Although representatives of Levisulculus and related genera occur abundantly in glacial erratic boulders (German “Geschiebe”) of Northern Germany and Sweden, nevertheless they are poorly known from outcrops in Baltoscandia. A main reason for this lack of record is difficulty of identification, particularly of tecnomorphic valves, and their distinction from similar genera such as Swantina and Ampleto- chilina. This is even more complicated when the valves are still embedded in rock matrix and impossible to extract out of the rock due to the procedure used in the investigated erratic boulders. It commonly results in descriptions in open nomenclature. Meidla (1996: 28, pl. 2: 11), for example, described in his monograph only one species of Levisulculus (Levisulculus sp. nov.) from the Rakvere Stage and Sidaravičienė (1992: 140–141) described in her monograph identified only two specimens as Levisulculus (Levisulculus sp.
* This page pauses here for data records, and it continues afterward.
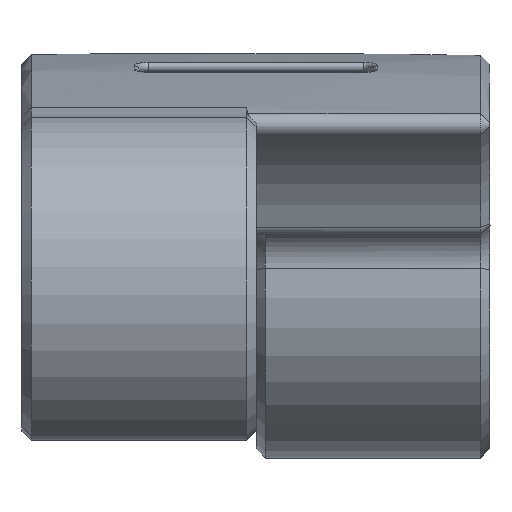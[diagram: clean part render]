
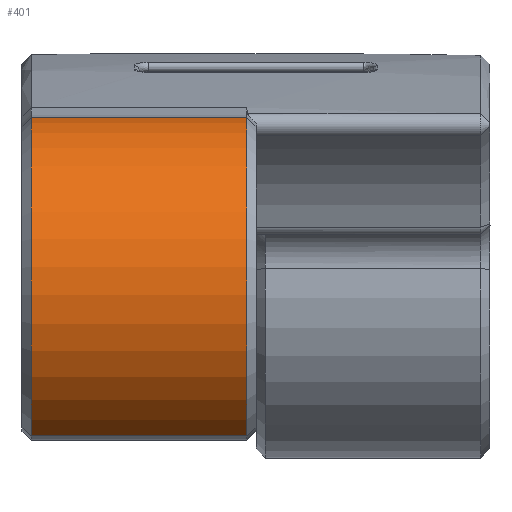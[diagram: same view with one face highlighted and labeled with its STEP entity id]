
A CAD part, front view. The second image highlights one B-rep face of the part: STEP entity #401.
In plain terms, the highlighted cylindrical face has radius 14.583 mm (diameter 29.165 mm), a partial arc.
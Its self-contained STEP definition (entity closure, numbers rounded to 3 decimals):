
#82 = DIRECTION ( 'NONE',  ( -1., 0., 0. ) ) ;
#241 = CYLINDRICAL_SURFACE ( 'NONE', #3236, 14.583 ) ;
#313 = CARTESIAN_POINT ( 'NONE',  ( -459.696, -70.336, 0.8 ) ) ;
#401 = ADVANCED_FACE ( 'NONE', ( #669 ), #241, .T. ) ;
#600 = DIRECTION ( 'NONE',  ( 0., 0., 1. ) ) ;
#618 = DIRECTION ( 'NONE',  ( 1., 0., 0. ) ) ;
#637 = VECTOR ( 'NONE', #3284, 1000. ) ;
#669 = FACE_OUTER_BOUND ( 'NONE', #1401, .T. ) ;
#715 = DIRECTION ( 'NONE',  ( 1., 0., 0. ) ) ;
#960 = ORIENTED_EDGE ( 'NONE', *, *, #1459, .F. ) ;
#1144 = DIRECTION ( 'NONE',  ( 0., 0., 1. ) ) ;
#1326 = CARTESIAN_POINT ( 'NONE',  ( -459.696, -77.575, -11.858 ) ) ;
#1401 = EDGE_LOOP ( 'NONE', ( #960, #3217, #1725, #2146 ) ) ;
#1449 = CARTESIAN_POINT ( 'NONE',  ( -445.481, -70.336, 0.8 ) ) ;
#1459 = EDGE_CURVE ( 'NONE', #3548, #3424, #3009, .T. ) ;
#1602 = VECTOR ( 'NONE', #715, 1000. ) ;
#1684 = EDGE_CURVE ( 'NONE', #3424, #3173, #1743, .T. ) ;
#1720 = DIRECTION ( 'NONE',  ( 1., 0., 0. ) ) ;
#1721 = CARTESIAN_POINT ( 'NONE',  ( -463.881, -70.336, 0.8 ) ) ;
#1725 = ORIENTED_EDGE ( 'NONE', *, *, #2529, .F. ) ;
#1743 = LINE ( 'NONE', #1326, #637 ) ;
#1800 = AXIS2_PLACEMENT_3D ( 'NONE', #1721, #82, #600 ) ;
#2042 = CIRCLE ( 'NONE', #1800, 14.583 ) ;
#2054 = AXIS2_PLACEMENT_3D ( 'NONE', #1449, #618, #2581 ) ;
#2146 = ORIENTED_EDGE ( 'NONE', *, *, #1684, .F. ) ;
#2283 = VERTEX_POINT ( 'NONE', #3160 ) ;
#2372 = CARTESIAN_POINT ( 'NONE',  ( -445.481, -69.39, 15.352 ) ) ;
#2411 = CARTESIAN_POINT ( 'NONE',  ( -454.681, -69.39, 15.352 ) ) ;
#2529 = EDGE_CURVE ( 'NONE', #3173, #2283, #2042, .T. ) ;
#2532 = LINE ( 'NONE', #2411, #1602 ) ;
#2581 = DIRECTION ( 'NONE',  ( 0., 0., 1. ) ) ;
#2991 = CARTESIAN_POINT ( 'NONE',  ( -445.481, -77.575, -11.858 ) ) ;
#3000 = CARTESIAN_POINT ( 'NONE',  ( -463.881, -77.575, -11.858 ) ) ;
#3009 = CIRCLE ( 'NONE', #2054, 14.583 ) ;
#3160 = CARTESIAN_POINT ( 'NONE',  ( -463.881, -69.39, 15.352 ) ) ;
#3173 = VERTEX_POINT ( 'NONE', #3000 ) ;
#3217 = ORIENTED_EDGE ( 'NONE', *, *, #3421, .F. ) ;
#3236 = AXIS2_PLACEMENT_3D ( 'NONE', #313, #1720, #1144 ) ;
#3284 = DIRECTION ( 'NONE',  ( -1., 0., 0. ) ) ;
#3421 = EDGE_CURVE ( 'NONE', #2283, #3548, #2532, .T. ) ;
#3424 = VERTEX_POINT ( 'NONE', #2991 ) ;
#3548 = VERTEX_POINT ( 'NONE', #2372 ) ;
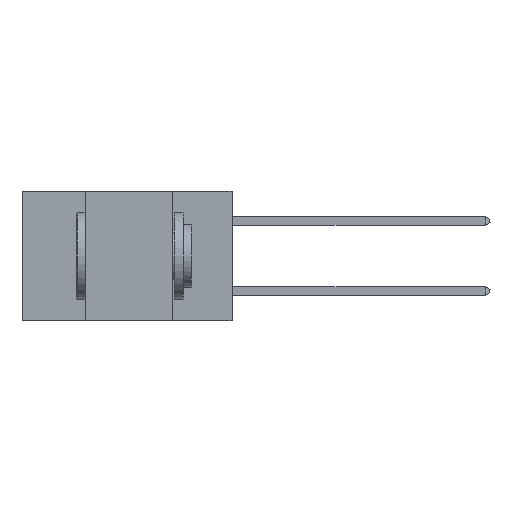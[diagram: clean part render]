
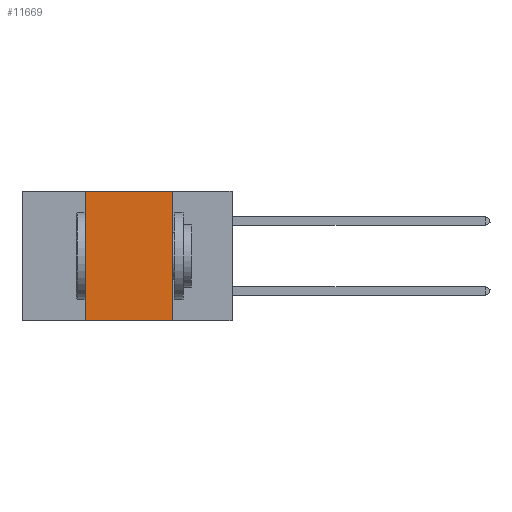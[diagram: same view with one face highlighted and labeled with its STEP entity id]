
A CAD part, left-side view. The second image highlights one B-rep face of the part: STEP entity #11669.
In plain terms, the highlighted planar face has unit normal (-1, 0, 0).
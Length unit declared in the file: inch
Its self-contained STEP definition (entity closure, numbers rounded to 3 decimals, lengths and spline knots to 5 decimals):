
#30 = EDGE_CURVE ( 'NONE', #31874, #22781, #13749, .T. ) ;
#299 = CARTESIAN_POINT ( 'NONE',  ( 0., 0.17, -0.37 ) ) ;
#1234 = ORIENTED_EDGE ( 'NONE', *, *, #10307, .T. ) ;
#1694 = EDGE_CURVE ( 'NONE', #23553, #31874, #5452, .T. ) ;
#2450 = DIRECTION ( 'NONE',  ( 0., 0., -1. ) ) ;
#2688 = CARTESIAN_POINT ( 'NONE',  ( 0., 0.42, -0.37 ) ) ;
#2831 = AXIS2_PLACEMENT_3D ( 'NONE', #16774, #19542, #2450 ) ;
#3488 = CARTESIAN_POINT ( 'NONE',  ( 0., 0.17, 0. ) ) ;
#5452 = LINE ( 'NONE', #32469, #27749 ) ;
#6255 = ORIENTED_EDGE ( 'NONE', *, *, #30, .F. ) ;
#10307 = EDGE_CURVE ( 'NONE', #23553, #30839, #18059, .T. ) ;
#11406 = DIRECTION ( 'NONE',  ( 0., -1., 0. ) ) ;
#11588 = FACE_OUTER_BOUND ( 'NONE', #33724, .T. ) ;
#11669 = ADVANCED_FACE ( 'NONE', ( #11588 ), #13995, .F. ) ;
#12026 = CARTESIAN_POINT ( 'NONE',  ( 0., 0.6, 0. ) ) ;
#13399 = DIRECTION ( 'NONE',  ( 0., 0., 1. ) ) ;
#13749 = LINE ( 'NONE', #12026, #21052 ) ;
#13995 = PLANE ( 'NONE',  #2831 ) ;
#15174 = DIRECTION ( 'NONE',  ( 0., 0., -1. ) ) ;
#15722 = ORIENTED_EDGE ( 'NONE', *, *, #1694, .F. ) ;
#16128 = ORIENTED_EDGE ( 'NONE', *, *, #33952, .F. ) ;
#16650 = CARTESIAN_POINT ( 'NONE',  ( 0., 0.42, 0. ) ) ;
#16774 = CARTESIAN_POINT ( 'NONE',  ( 0., 0.6, 0. ) ) ;
#18059 = LINE ( 'NONE', #29320, #30819 ) ;
#19542 = DIRECTION ( 'NONE',  ( 1., 0., 0. ) ) ;
#21052 = VECTOR ( 'NONE', #11406, 39.37008 ) ;
#22781 = VERTEX_POINT ( 'NONE', #3488 ) ;
#23553 = VERTEX_POINT ( 'NONE', #2688 ) ;
#24031 = LINE ( 'NONE', #31508, #32933 ) ;
#27749 = VECTOR ( 'NONE', #13399, 39.37008 ) ;
#29320 = CARTESIAN_POINT ( 'NONE',  ( 0., 0.6, -0.37 ) ) ;
#30819 = VECTOR ( 'NONE', #34623, 39.37008 ) ;
#30839 = VERTEX_POINT ( 'NONE', #299 ) ;
#31508 = CARTESIAN_POINT ( 'NONE',  ( 0., 0.17, 0. ) ) ;
#31874 = VERTEX_POINT ( 'NONE', #16650 ) ;
#32469 = CARTESIAN_POINT ( 'NONE',  ( 0., 0.42, 0. ) ) ;
#32933 = VECTOR ( 'NONE', #15174, 39.37008 ) ;
#33724 = EDGE_LOOP ( 'NONE', ( #16128, #6255, #15722, #1234 ) ) ;
#33952 = EDGE_CURVE ( 'NONE', #22781, #30839, #24031, .T. ) ;
#34623 = DIRECTION ( 'NONE',  ( 0., -1., 0. ) ) ;

A and Levisulculus? sp. B) and all the others as species of Swantina. The taxonomically important dimorphic features of the females can be studied on excellently preserved material resulted from hydrofluoric acid treatment of cherts or cherty limestones.

The ampletochilinine genera Levisulculus Jaanusson, 1957, Ampletochilina Schallreuter, 1969 and Swantina Schallreuter, 1986 are very similar to each other in lacking or having very weakly developed lobal and sulcal sculptures together with similar adventral sculptures. The most important distinctive feature is the type of antrum. However, this feature is often not visible in lateral view, particularly on valves still embedded in rock.

The present paper focuses on the taxonomically significant dimorphic features of excellently preserved material recovered from Upper Ordovician glacial erratic boulders of northern Central Europe (Northern Germany and Poland) and Sweden. The ostracodes were extracted from the rock by application of hydrofluoric acid (HF). Specimens sourced from cherty silicified limestones comprise of originally calcareous carapaces that have been changed into calcium fluoride during the preparation process (Schallreuter 1982). By contrast, rock material from the Isle of Sylt has both matrix and ostracodes silicified. Therefore, the duration of HF application had to be reduced to a minimum in order to preserve the silicified ostracode valves etched out of the rock.

Institutional abbreviations.—GG, Institute of Geography and Geology of the Ernst Moritz Arndt University Greifswald; TUG, Geological Museum of the University of Tartu, Estonia; UM, Museum of the Palaeontological Institute, University of Uppsala, Sweden.

Other abbreviations.—G, glacial erratic boulders; H, height (without sculptures protruding over the straight hinge line); Hm, maximal H; L, length; LD (HD), L (H) of the domicilium; LV, left valve; RV, right valve; S2, median sulcus; tec, tecnomorph. Measurements are in mm. The domicilium has been measured from the inner borders of the contact margin in interior view. Note that the ratios L:H and LD:HD were computed before rounding off the L, H, LD, and HD values.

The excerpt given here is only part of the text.